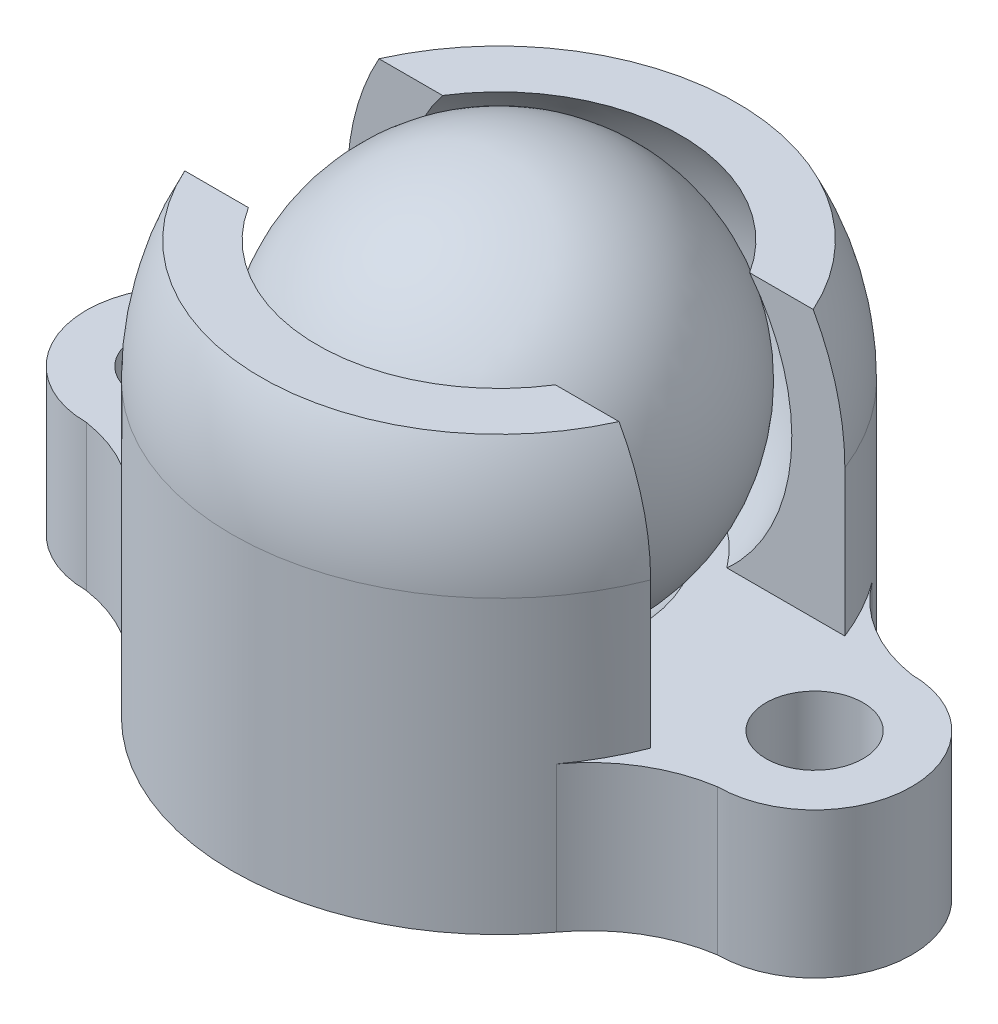
ISO-10303-21;
HEADER;
FILE_DESCRIPTION(('STEP AP214'),'2;1');
FILE_NAME('part.step','',(''),(''),'','','');
FILE_SCHEMA(('AUTOMOTIVE_DESIGN { 1 0 10303 214 1 1 1 1 }'));
ENDSEC;
DATA;
#1=APPLICATION_CONTEXT('core data for automotive mechanical design processes');
#2=APPLICATION_PROTOCOL_DEFINITION('international standard','automotive_design',2000,#1);
#3=PRODUCT_CONTEXT('',#1,'mechanical');
#4=PRODUCT('Part','Part','',(#3));
#5=PRODUCT_RELATED_PRODUCT_CATEGORY('part','',(#4));
#6=PRODUCT_DEFINITION_FORMATION('','',#4);
#7=PRODUCT_DEFINITION_CONTEXT('part definition',#1,'design');
#8=PRODUCT_DEFINITION('design','',#6,#7);
#9=PRODUCT_DEFINITION_SHAPE('','',#8);
#10=(LENGTH_UNIT() NAMED_UNIT(*) SI_UNIT(.MILLI.,.METRE.));
#11=(NAMED_UNIT(*) PLANE_ANGLE_UNIT() SI_UNIT($,.RADIAN.));
#12=(NAMED_UNIT(*) SI_UNIT($,.STERADIAN.) SOLID_ANGLE_UNIT());
#13=UNCERTAINTY_MEASURE_WITH_UNIT(LENGTH_MEASURE(1.E-05),#10,'distance_accuracy_value','');
#14=(GEOMETRIC_REPRESENTATION_CONTEXT(3) GLOBAL_UNCERTAINTY_ASSIGNED_CONTEXT((#13)) GLOBAL_UNIT_ASSIGNED_CONTEXT((#10,
#11,#12)) REPRESENTATION_CONTEXT('',''));
#15=CARTESIAN_POINT('',(0.,0.,0.));
#16=DIRECTION('',(0.,0.,1.));
#17=DIRECTION('',(1.,0.,0.));
#18=AXIS2_PLACEMENT_3D('',#15,#16,#17);
#19=CARTESIAN_POINT('',(0.,6.,0.));
#20=DIRECTION('',(0.,1.,0.));
#21=DIRECTION('',(0.,0.,-1.));
#22=AXIS2_PLACEMENT_3D('',#19,#20,#21);
#23=SPHERICAL_SURFACE('',#22,4.);
#24=CARTESIAN_POINT('',(0.,10.,0.));
#25=VERTEX_POINT('',#24);
#26=VERTEX_LOOP('',#25);
#27=FACE_BOUND('',#26,.T.);
#28=ADVANCED_FACE('F44',(#27),#23,.T.);
#29=CLOSED_SHELL('',(#28));
#30=MANIFOLD_SOLID_BREP('B2',#29);
#31=CARTESIAN_POINT('',(0.,6.,0.));
#32=DIRECTION('',(0.,1.,0.));
#33=DIRECTION('',(0.,0.,-1.));
#34=AXIS2_PLACEMENT_3D('',#31,#32,#33);
#35=SPHERICAL_SURFACE('',#34,4.5);
#36=CARTESIAN_POINT('',(0.,3.,0.));
#37=DIRECTION('',(0.,1.,0.));
#38=DIRECTION('',(0.,0.,1.));
#39=AXIS2_PLACEMENT_3D('',#36,#37,#38);
#40=CIRCLE('',#39,3.35410196624968);
#41=CARTESIAN_POINT('',(-2.69258240356725,3.,2.));
#42=VERTEX_POINT('',#41);
#43=CARTESIAN_POINT('',(2.69258240356725,3.,2.));
#44=VERTEX_POINT('',#43);
#45=EDGE_CURVE('E205',#42,#44,#40,.T.);
#46=ORIENTED_EDGE('',*,*,#45,.F.);
#47=CARTESIAN_POINT('',(0.,6.,2.));
#48=DIRECTION('',(0.,0.,1.));
#49=DIRECTION('',(1.,0.,0.));
#50=AXIS2_PLACEMENT_3D('',#47,#48,#49);
#51=CIRCLE('',#50,4.03112887414927);
#52=CARTESIAN_POINT('',(-3.16227766016838,8.5,2.));
#53=VERTEX_POINT('',#52);
#54=EDGE_CURVE('E314',#42,#53,#51,.F.);
#55=ORIENTED_EDGE('',*,*,#54,.T.);
#56=CARTESIAN_POINT('',(0.,8.5,0.));
#57=DIRECTION('',(0.,1.,0.));
#58=DIRECTION('',(0.,0.,1.));
#59=AXIS2_PLACEMENT_3D('',#56,#57,#58);
#60=CIRCLE('',#59,3.74165738677394);
#61=CARTESIAN_POINT('',(3.16227766016838,8.5,2.));
#62=VERTEX_POINT('',#61);
#63=EDGE_CURVE('E311',#53,#62,#60,.T.);
#64=ORIENTED_EDGE('',*,*,#63,.T.);
#65=EDGE_CURVE('E315',#62,#44,#51,.F.);
#66=ORIENTED_EDGE('',*,*,#65,.T.);
#67=EDGE_LOOP('',(#46,#55,#64,#66));
#68=FACE_BOUND('',#67,.T.);
#69=ADVANCED_FACE('F56',(#68),#35,.F.);
#70=CARTESIAN_POINT('',(0.,6.,0.));
#71=DIRECTION('',(0.,1.,0.));
#72=DIRECTION('',(0.,0.,-1.));
#73=AXIS2_PLACEMENT_3D('',#70,#71,#72);
#74=SPHERICAL_SURFACE('',#73,5.5);
#75=CARTESIAN_POINT('',(0.,6.,0.));
#76=DIRECTION('',(0.,1.,0.));
#77=DIRECTION('',(0.,0.,1.));
#78=AXIS2_PLACEMENT_3D('',#75,#76,#77);
#79=CIRCLE('',#78,5.5);
#80=CARTESIAN_POINT('',(-5.1234753829798,6.,2.));
#81=VERTEX_POINT('',#80);
#82=CARTESIAN_POINT('',(5.1234753829798,6.,2.));
#83=VERTEX_POINT('',#82);
#84=EDGE_CURVE('E293',#81,#83,#79,.T.);
#85=ORIENTED_EDGE('',*,*,#84,.T.);
#86=CARTESIAN_POINT('',(0.,6.,2.));
#87=DIRECTION('',(0.,0.,1.));
#88=DIRECTION('',(1.,0.,0.));
#89=AXIS2_PLACEMENT_3D('',#86,#87,#88);
#90=CIRCLE('',#89,5.1234753829798);
#91=CARTESIAN_POINT('',(4.47213595499958,8.5,2.));
#92=VERTEX_POINT('',#91);
#93=EDGE_CURVE('E301',#83,#92,#90,.T.);
#94=ORIENTED_EDGE('',*,*,#93,.T.);
#95=CARTESIAN_POINT('',(0.,8.5,0.));
#96=DIRECTION('',(0.,1.,0.));
#97=DIRECTION('',(0.,0.,1.));
#98=AXIS2_PLACEMENT_3D('',#95,#96,#97);
#99=CIRCLE('',#98,4.89897948556636);
#100=CARTESIAN_POINT('',(-4.47213595499958,8.5,2.));
#101=VERTEX_POINT('',#100);
#102=EDGE_CURVE('E308',#101,#92,#99,.T.);
#103=ORIENTED_EDGE('',*,*,#102,.F.);
#104=EDGE_CURVE('E303',#101,#81,#90,.T.);
#105=ORIENTED_EDGE('',*,*,#104,.T.);
#106=EDGE_LOOP('',(#85,#94,#103,#105));
#107=FACE_BOUND('',#106,.T.);
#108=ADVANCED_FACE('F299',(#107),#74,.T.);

——

# DESCRIPTION OF THE TASK:
Beginning with the first line of the records above, extract each line exactly through the line that holds "#6=PRODUCT_DEFINITION_FORMATION('','',#4);", both ends included. Omit pictures.

# FINISHED EXERCISE:
ISO-10303-21;
HEADER;
FILE_DESCRIPTION(('STEP AP214'),'2;1');
FILE_NAME('part.step','',(''),(''),'','','');
FILE_SCHEMA(('AUTOMOTIVE_DESIGN { 1 0 10303 214 1 1 1 1 }'));
ENDSEC;
DATA;
#1=APPLICATION_CONTEXT('core data for automotive mechanical design processes');
#2=APPLICATION_PROTOCOL_DEFINITION('international standard','automotive_design',2000,#1);
#3=PRODUCT_CONTEXT('',#1,'mechanical');
#4=PRODUCT('Part','Part','',(#3));
#5=PRODUCT_RELATED_PRODUCT_CATEGORY('part','',(#4));
#6=PRODUCT_DEFINITION_FORMATION('','',#4);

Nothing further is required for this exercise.